### Problem to work on:
In the data below, the answer is the run of lines from the line containing "#169=DIRECTION('',(0.,0.,1.));" through the line containing "#221=ORIENTED_EDGE('',*,*,#160,.T.);", both included; print it exactly and nothing else.

### Raw data:
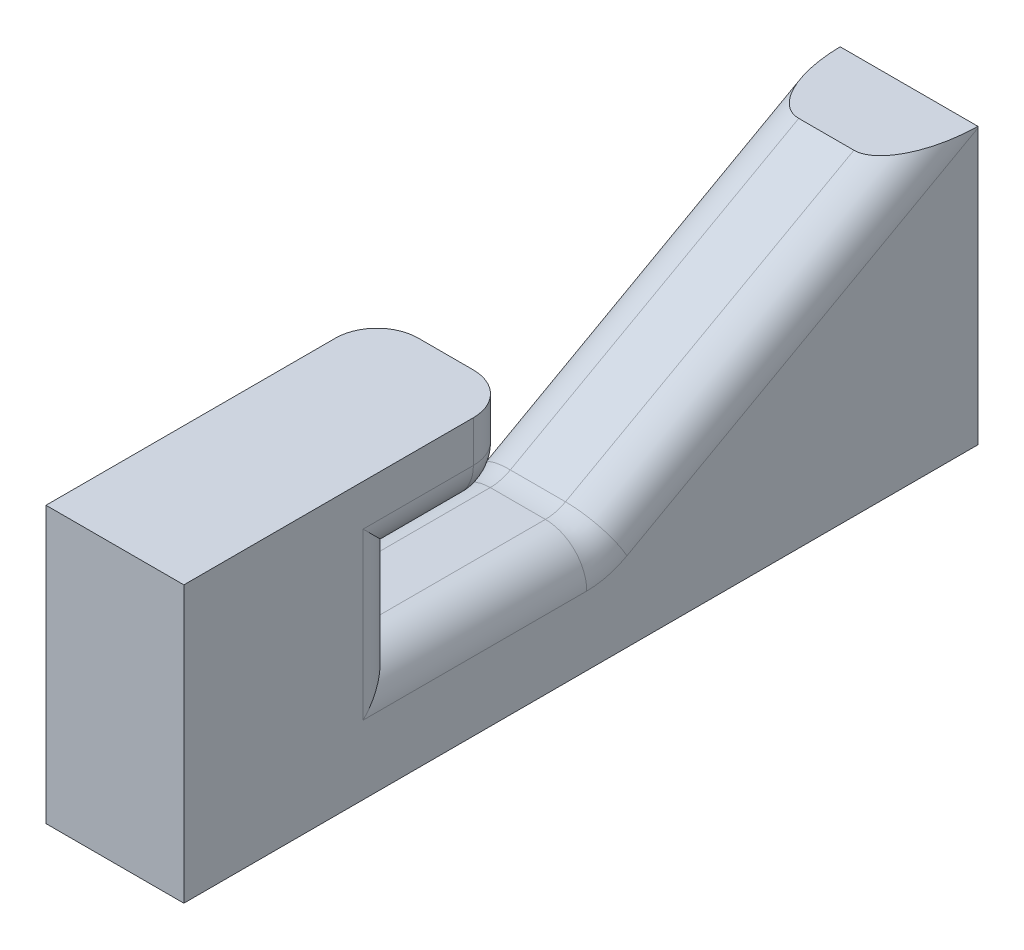
ISO-10303-21;
HEADER;
FILE_DESCRIPTION(('STEP AP214'),'2;1');
FILE_NAME('part.step','',(''),(''),'','','');
FILE_SCHEMA(('AUTOMOTIVE_DESIGN { 1 0 10303 214 1 1 1 1 }'));
ENDSEC;
DATA;
#1=APPLICATION_CONTEXT('core data for automotive mechanical design processes');
#2=APPLICATION_PROTOCOL_DEFINITION('international standard','automotive_design',2000,#1);
#3=PRODUCT_CONTEXT('',#1,'mechanical');
#4=PRODUCT('Part','Part','',(#3));
#5=PRODUCT_RELATED_PRODUCT_CATEGORY('part','',(#4));
#6=PRODUCT_DEFINITION_FORMATION('','',#4);
#7=PRODUCT_DEFINITION_CONTEXT('part definition',#1,'design');
#8=PRODUCT_DEFINITION('design','',#6,#7);
#9=PRODUCT_DEFINITION_SHAPE('','',#8);
#10=(LENGTH_UNIT() NAMED_UNIT(*) SI_UNIT(.MILLI.,.METRE.));
#11=(NAMED_UNIT(*) PLANE_ANGLE_UNIT() SI_UNIT($,.RADIAN.));
#12=(NAMED_UNIT(*) SI_UNIT($,.STERADIAN.) SOLID_ANGLE_UNIT());
#13=UNCERTAINTY_MEASURE_WITH_UNIT(LENGTH_MEASURE(1.E-05),#10,'distance_accuracy_value','');
#14=(GEOMETRIC_REPRESENTATION_CONTEXT(3) GLOBAL_UNCERTAINTY_ASSIGNED_CONTEXT((#13)) GLOBAL_UNIT_ASSIGNED_CONTEXT((#10,
#11,#12)) REPRESENTATION_CONTEXT('',''));
#15=CARTESIAN_POINT('',(0.,0.,0.));
#16=DIRECTION('',(0.,0.,1.));
#17=DIRECTION('',(1.,0.,0.));
#18=AXIS2_PLACEMENT_3D('',#15,#16,#17);
#19=CARTESIAN_POINT('',(5.,10.,0.));
#20=DIRECTION('',(0.,-1.,0.));
#21=DIRECTION('',(0.,0.,-1.));
#22=AXIS2_PLACEMENT_3D('',#19,#20,#21);
#23=PLANE('',#22);
#24=DIRECTION('',(1.,0.,0.));
#25=VECTOR('',#24,1.);
#26=CARTESIAN_POINT('',(0.,10.,16.8));
#27=LINE('',#26,#25);
#28=CARTESIAN_POINT('',(1.5,10.,16.8));
#29=VERTEX_POINT('',#28);
#30=CARTESIAN_POINT('',(3.5,10.,16.8));
#31=VERTEX_POINT('',#30);
#32=EDGE_CURVE('E317',#29,#31,#27,.T.);
#33=ORIENTED_EDGE('',*,*,#32,.F.);
#34=CARTESIAN_POINT('',(1.5,10.,18.3));
#35=DIRECTION('',(0.,-1.,0.));
#36=DIRECTION('',(0.,0.,-1.));
#37=AXIS2_PLACEMENT_3D('',#34,#35,#36);
#38=CIRCLE('',#37,1.5);
#39=CARTESIAN_POINT('',(0.,10.,18.3));
#40=VERTEX_POINT('',#39);
#41=EDGE_CURVE('E252',#29,#40,#38,.F.);
#42=ORIENTED_EDGE('',*,*,#41,.T.);
#43=DIRECTION('',(0.,0.,1.));
#44=VECTOR('',#43,1.);
#45=CARTESIAN_POINT('',(0.,10.,0.));
#46=LINE('',#45,#44);
#47=CARTESIAN_POINT('',(0.,10.,28.8));
#48=VERTEX_POINT('',#47);
#49=EDGE_CURVE('E334',#40,#48,#46,.T.);
#50=ORIENTED_EDGE('',*,*,#49,.T.);
#51=DIRECTION('',(-1.,0.,0.));
#52=VECTOR('',#51,1.);
#53=CARTESIAN_POINT('',(5.,10.,28.8));
#54=LINE('',#53,#52);
#55=CARTESIAN_POINT('',(5.,10.,28.8));
#56=VERTEX_POINT('',#55);
#57=EDGE_CURVE('E203',#56,#48,#54,.T.);
#58=ORIENTED_EDGE('',*,*,#57,.F.);
#59=DIRECTION('',(0.,0.,1.));
#60=VECTOR('',#59,1.);
#61=CARTESIAN_POINT('',(5.,10.,0.));
#62=LINE('',#61,#60);
#63=CARTESIAN_POINT('',(5.,10.,18.3));
#64=VERTEX_POINT('',#63);
#65=EDGE_CURVE('E182',#64,#56,#62,.T.);
#66=ORIENTED_EDGE('',*,*,#65,.F.);
#67=CARTESIAN_POINT('',(3.5,10.,18.3));
#68=DIRECTION('',(0.,-1.,0.));
#69=DIRECTION('',(0.,0.,-1.));
#70=AXIS2_PLACEMENT_3D('',#67,#68,#69);
#71=CIRCLE('',#70,1.5);
#72=EDGE_CURVE('E250',#64,#31,#71,.F.);
#73=ORIENTED_EDGE('',*,*,#72,.T.);
#74=EDGE_LOOP('',(#33,#42,#50,#58,#66,#73));
#75=FACE_BOUND('',#74,.T.);
#76=ADVANCED_FACE('F39',(#75),#23,.F.);
#77=CARTESIAN_POINT('',(5.,0.,0.));
#78=DIRECTION('',(0.,1.,0.));
#79=DIRECTION('',(0.,0.,1.));
#80=AXIS2_PLACEMENT_3D('',#77,#78,#79);
#81=PLANE('',#80);
#82=DIRECTION('',(0.,0.,-1.));
#83=VECTOR('',#82,1.);
#84=CARTESIAN_POINT('',(0.,0.,0.));
#85=LINE('',#84,#83);
#86=CARTESIAN_POINT('',(0.,0.,28.8));
#87=VERTEX_POINT('',#86);
#88=CARTESIAN_POINT('',(0.,0.,0.));
#89=VERTEX_POINT('',#88);
#90=EDGE_CURVE('E196',#87,#89,#85,.T.);
#91=ORIENTED_EDGE('',*,*,#90,.T.);
#92=DIRECTION('',(-1.,0.,0.));
#93=VECTOR('',#92,1.);
#94=CARTESIAN_POINT('',(5.,0.,0.));
#95=LINE('',#94,#93);
#96=CARTESIAN_POINT('',(5.,0.,0.));
#97=VERTEX_POINT('',#96);
#98=EDGE_CURVE('E175',#97,#89,#95,.T.);
#99=ORIENTED_EDGE('',*,*,#98,.F.);
#100=DIRECTION('',(0.,0.,-1.));
#101=VECTOR('',#100,1.);
#102=CARTESIAN_POINT('',(5.,0.,0.));
#103=LINE('',#102,#101);
#104=CARTESIAN_POINT('',(5.,0.,28.8));
#105=VERTEX_POINT('',#104);
#106=EDGE_CURVE('E183',#105,#97,#103,.T.);
#107=ORIENTED_EDGE('',*,*,#106,.F.);
#108=DIRECTION('',(-1.,0.,0.));
#109=VECTOR('',#108,1.);
#110=CARTESIAN_POINT('',(5.,0.,28.8));
#111=LINE('',#110,#109);
#112=EDGE_CURVE('E329',#105,#87,#111,.T.);
#113=ORIENTED_EDGE('',*,*,#112,.T.);
#114=EDGE_LOOP('',(#91,#99,#107,#113));
#115=FACE_BOUND('',#114,.T.);
#116=ADVANCED_FACE('F194',(#115),#81,.F.);
#117=CARTESIAN_POINT('',(5.,0.,0.));
#118=DIRECTION('',(0.,0.,1.));
#119=DIRECTION('',(1.,0.,0.));
#120=AXIS2_PLACEMENT_3D('',#117,#118,#119);
#121=PLANE('',#120);
#122=DIRECTION('',(0.,1.,0.));
#123=VECTOR('',#122,1.);
#124=CARTESIAN_POINT('',(0.,0.,0.));
#125=LINE('',#124,#123);
#126=CARTESIAN_POINT('',(0.,9.9507283098355,0.));
#127=VERTEX_POINT('',#126);
#128=EDGE_CURVE('E331',#89,#127,#125,.T.);
#129=ORIENTED_EDGE('',*,*,#128,.T.);
#130=CARTESIAN_POINT('',(1.5,9.9507283098355,0.));
#131=DIRECTION('',(0.,0.,1.));
#132=DIRECTION('',(0.,-1.,0.));
#133=AXIS2_PLACEMENT_3D('',#130,#131,#132);
#134=ELLIPSE('',#133,1.71593835683117,1.5);
#135=CARTESIAN_POINT('',(0.000618503791071333,10.,0.));
#136=VERTEX_POINT('',#135);
#137=EDGE_CURVE('E219',#127,#136,#134,.F.);
#138=ORIENTED_EDGE('',*,*,#137,.T.);
#139=DIRECTION('',(-1.,0.,0.));
#140=VECTOR('',#139,1.);
#141=CARTESIAN_POINT('',(5.,10.,0.));
#142=LINE('',#141,#140);
#143=CARTESIAN_POINT('',(4.99938149620893,10.,0.));
#144=VERTEX_POINT('',#143);
#145=EDGE_CURVE('E198',#144,#136,#142,.T.);
#146=ORIENTED_EDGE('',*,*,#145,.F.);
#147=CARTESIAN_POINT('',(3.5,9.9507283098355,0.));
#148=DIRECTION('',(0.,0.,1.));
#149=DIRECTION('',(0.,1.,0.));
#150=AXIS2_PLACEMENT_3D('',#147,#148,#149);
#151=ELLIPSE('',#150,1.71593835683117,1.5);
#152=CARTESIAN_POINT('',(5.,9.9507283098355,0.));
#153=VERTEX_POINT('',#152);
#154=EDGE_CURVE('E179',#144,#153,#151,.F.);
#155=ORIENTED_EDGE('',*,*,#154,.T.);
#156=DIRECTION('',(0.,1.,0.));
#157=VECTOR('',#156,1.);
#158=CARTESIAN_POINT('',(5.,0.,0.));
#159=LINE('',#158,#157);
#160=EDGE_CURVE('E170',#97,#153,#159,.T.);
#161=ORIENTED_EDGE('',*,*,#160,.F.);
#162=ORIENTED_EDGE('',*,*,#98,.T.);
#163=EDGE_LOOP('',(#129,#138,#146,#155,#161,#162));
#164=FACE_BOUND('',#163,.T.);
#165=ADVANCED_FACE('F173',(#164),#121,.F.);
#166=ORIENTED_EDGE('',*,*,#145,.T.);
#167=CARTESIAN_POINT('',(1.5,10.,-0.0886890422960966));
#168=DIRECTION('',(0.,-1.,0.));
#169=DIRECTION('',(0.,0.,1.));
#170=AXIS2_PLACEMENT_3D('',#167,#168,#169);
#171=ELLIPSE('',#170,3.0886890422961,1.5);
#172=CARTESIAN_POINT('',(1.5,10.,3.));
#173=VERTEX_POINT('',#172);
#174=EDGE_CURVE('E223',#136,#173,#171,.F.);
#175=ORIENTED_EDGE('',*,*,#174,.T.);
#176=DIRECTION('',(1.,0.,0.));
#177=VECTOR('',#176,1.);
#178=CARTESIAN_POINT('',(0.,10.,3.));
#179=LINE('',#178,#177);
#180=CARTESIAN_POINT('',(3.5,10.,3.));
#181=VERTEX_POINT('',#180);
#182=EDGE_CURVE('E312',#173,#181,#179,.T.);
#183=ORIENTED_EDGE('',*,*,#182,.T.);
#184=CARTESIAN_POINT('',(3.5,10.,-0.0886890422960966));
#185=DIRECTION('',(0.,-1.,0.));
#186=DIRECTION('',(0.,0.,-1.));
#187=AXIS2_PLACEMENT_3D('',#184,#185,#186);
#188=ELLIPSE('',#187,3.0886890422961,1.5);
#189=EDGE_CURVE('E221',#181,#144,#188,.F.);
#190=ORIENTED_EDGE('',*,*,#189,.T.);
#191=EDGE_LOOP('',(#166,#175,#183,#190));
#192=FACE_BOUND('',#191,.T.);
#193=ADVANCED_FACE('F351',(#192),#23,.F.);
#194=CARTESIAN_POINT('',(5.,0.,28.8));
#195=DIRECTION('',(0.,0.,-1.));
#196=DIRECTION('',(-1.,0.,0.));
#197=AXIS2_PLACEMENT_3D('',#194,#195,#196);
#198=PLANE('',#197);
#199=DIRECTION('',(0.,-1.,0.));
#200=VECTOR('',#199,1.);
#201=CARTESIAN_POINT('',(0.,0.,28.8));
#202=LINE('',#201,#200);
#203=EDGE_CURVE('E192',#48,#87,#202,.T.);
#204=ORIENTED_EDGE('',*,*,#203,.T.);
#205=ORIENTED_EDGE('',*,*,#112,.F.);
#206=DIRECTION('',(0.,-1.,0.));
#207=VECTOR('',#206,1.);
#208=CARTESIAN_POINT('',(5.,0.,28.8));
#209=LINE('',#208,#207);
#210=EDGE_CURVE('E188',#56,#105,#209,.T.);
#211=ORIENTED_EDGE('',*,*,#210,.F.);
#212=ORIENTED_EDGE('',*,*,#57,.T.);
#213=EDGE_LOOP('',(#204,#205,#211,#212));
#214=FACE_BOUND('',#213,.T.);
#215=ADVANCED_FACE('F341',(#214),#198,.F.);
#216=CARTESIAN_POINT('',(5.,0.,0.));
#217=DIRECTION('',(-1.,0.,0.));
#218=DIRECTION('',(0.,0.,1.));
#219=AXIS2_PLACEMENT_3D('',#216,#217,#218);
#220=PLANE('',#219);
#221=ORIENTED_EDGE('',*,*,#160,.T.);
#222=DIRECTION('',(0.,0.485642931178632,-0.874157276121538));
#223=VECTOR('',#222,1.);
#224=CARTESIAN_POINT('',(5.,7.60385842544034,4.2243657919113));
#225=LINE('',#224,#223);
#226=CARTESIAN_POINT('',(5.,2.87752817163538,12.7317602487602));
#227=VERTEX_POINT('',#226);
#228=EDGE_CURVE('E242',#153,#227,#225,.F.);
#229=ORIENTED_EDGE('',*,*,#228,.T.);
#230=CARTESIAN_POINT('',(5.,5.5,14.1886890422961));
#231=DIRECTION('',(-1.,0.,0.));
#232=DIRECTION('',(0.,0.,1.));
#233=AXIS2_PLACEMENT_3D('',#230,#231,#232);
#234=CIRCLE('',#233,3.);
#235=CARTESIAN_POINT('',(5.,2.5,14.1886890422961));
#236=VERTEX_POINT('',#235);
#237=EDGE_CURVE('E239',#236,#227,#234,.F.);
#238=ORIENTED_EDGE('',*,*,#237,.F.);
#239=DIRECTION('',(0.,0.,1.));
#240=VECTOR('',#239,1.);
#241=CARTESIAN_POINT('',(5.,2.5,20.8));
#242=LINE('',#241,#240);
#243=CARTESIAN_POINT('',(5.,2.5,22.3));
#244=VERTEX_POINT('',#243);
#245=EDGE_CURVE('E233',#236,#244,#242,.T.);
#246=ORIENTED_EDGE('',*,*,#245,.T.);
#247=DIRECTION('',(0.,-1.,0.));
#248=VECTOR('',#247,1.);
#249=CARTESIAN_POINT('',(5.,0.,22.3));
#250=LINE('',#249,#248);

### Exercise response:
#169=DIRECTION('',(0.,0.,1.));
#170=AXIS2_PLACEMENT_3D('',#167,#168,#169);
#171=ELLIPSE('',#170,3.0886890422961,1.5);
#172=CARTESIAN_POINT('',(1.5,10.,3.));
#173=VERTEX_POINT('',#172);
#174=EDGE_CURVE('E223',#136,#173,#171,.F.);
#175=ORIENTED_EDGE('',*,*,#174,.T.);
#176=DIRECTION('',(1.,0.,0.));
#177=VECTOR('',#176,1.);
#178=CARTESIAN_POINT('',(0.,10.,3.));
#179=LINE('',#178,#177);
#180=CARTESIAN_POINT('',(3.5,10.,3.));
#181=VERTEX_POINT('',#180);
#182=EDGE_CURVE('E312',#173,#181,#179,.T.);
#183=ORIENTED_EDGE('',*,*,#182,.T.);
#184=CARTESIAN_POINT('',(3.5,10.,-0.0886890422960966));
#185=DIRECTION('',(0.,-1.,0.));
#186=DIRECTION('',(0.,0.,-1.));
#187=AXIS2_PLACEMENT_3D('',#184,#185,#186);
#188=ELLIPSE('',#187,3.0886890422961,1.5);
#189=EDGE_CURVE('E221',#181,#144,#188,.F.);
#190=ORIENTED_EDGE('',*,*,#189,.T.);
#191=EDGE_LOOP('',(#166,#175,#183,#190));
#192=FACE_BOUND('',#191,.T.);
#193=ADVANCED_FACE('F351',(#192),#23,.F.);
#194=CARTESIAN_POINT('',(5.,0.,28.8));
#195=DIRECTION('',(0.,0.,-1.));
#196=DIRECTION('',(-1.,0.,0.));
#197=AXIS2_PLACEMENT_3D('',#194,#195,#196);
#198=PLANE('',#197);
#199=DIRECTION('',(0.,-1.,0.));
#200=VECTOR('',#199,1.);
#201=CARTESIAN_POINT('',(0.,0.,28.8));
#202=LINE('',#201,#200);
#203=EDGE_CURVE('E192',#48,#87,#202,.T.);
#204=ORIENTED_EDGE('',*,*,#203,.T.);
#205=ORIENTED_EDGE('',*,*,#112,.F.);
#206=DIRECTION('',(0.,-1.,0.));
#207=VECTOR('',#206,1.);
#208=CARTESIAN_POINT('',(5.,0.,28.8));
#209=LINE('',#208,#207);
#210=EDGE_CURVE('E188',#56,#105,#209,.T.);
#211=ORIENTED_EDGE('',*,*,#210,.F.);
#212=ORIENTED_EDGE('',*,*,#57,.T.);
#213=EDGE_LOOP('',(#204,#205,#211,#212));
#214=FACE_BOUND('',#213,.T.);
#215=ADVANCED_FACE('F341',(#214),#198,.F.);
#216=CARTESIAN_POINT('',(5.,0.,0.));
#217=DIRECTION('',(-1.,0.,0.));
#218=DIRECTION('',(0.,0.,1.));
#219=AXIS2_PLACEMENT_3D('',#216,#217,#218);
#220=PLANE('',#219);
#221=ORIENTED_EDGE('',*,*,#160,.T.);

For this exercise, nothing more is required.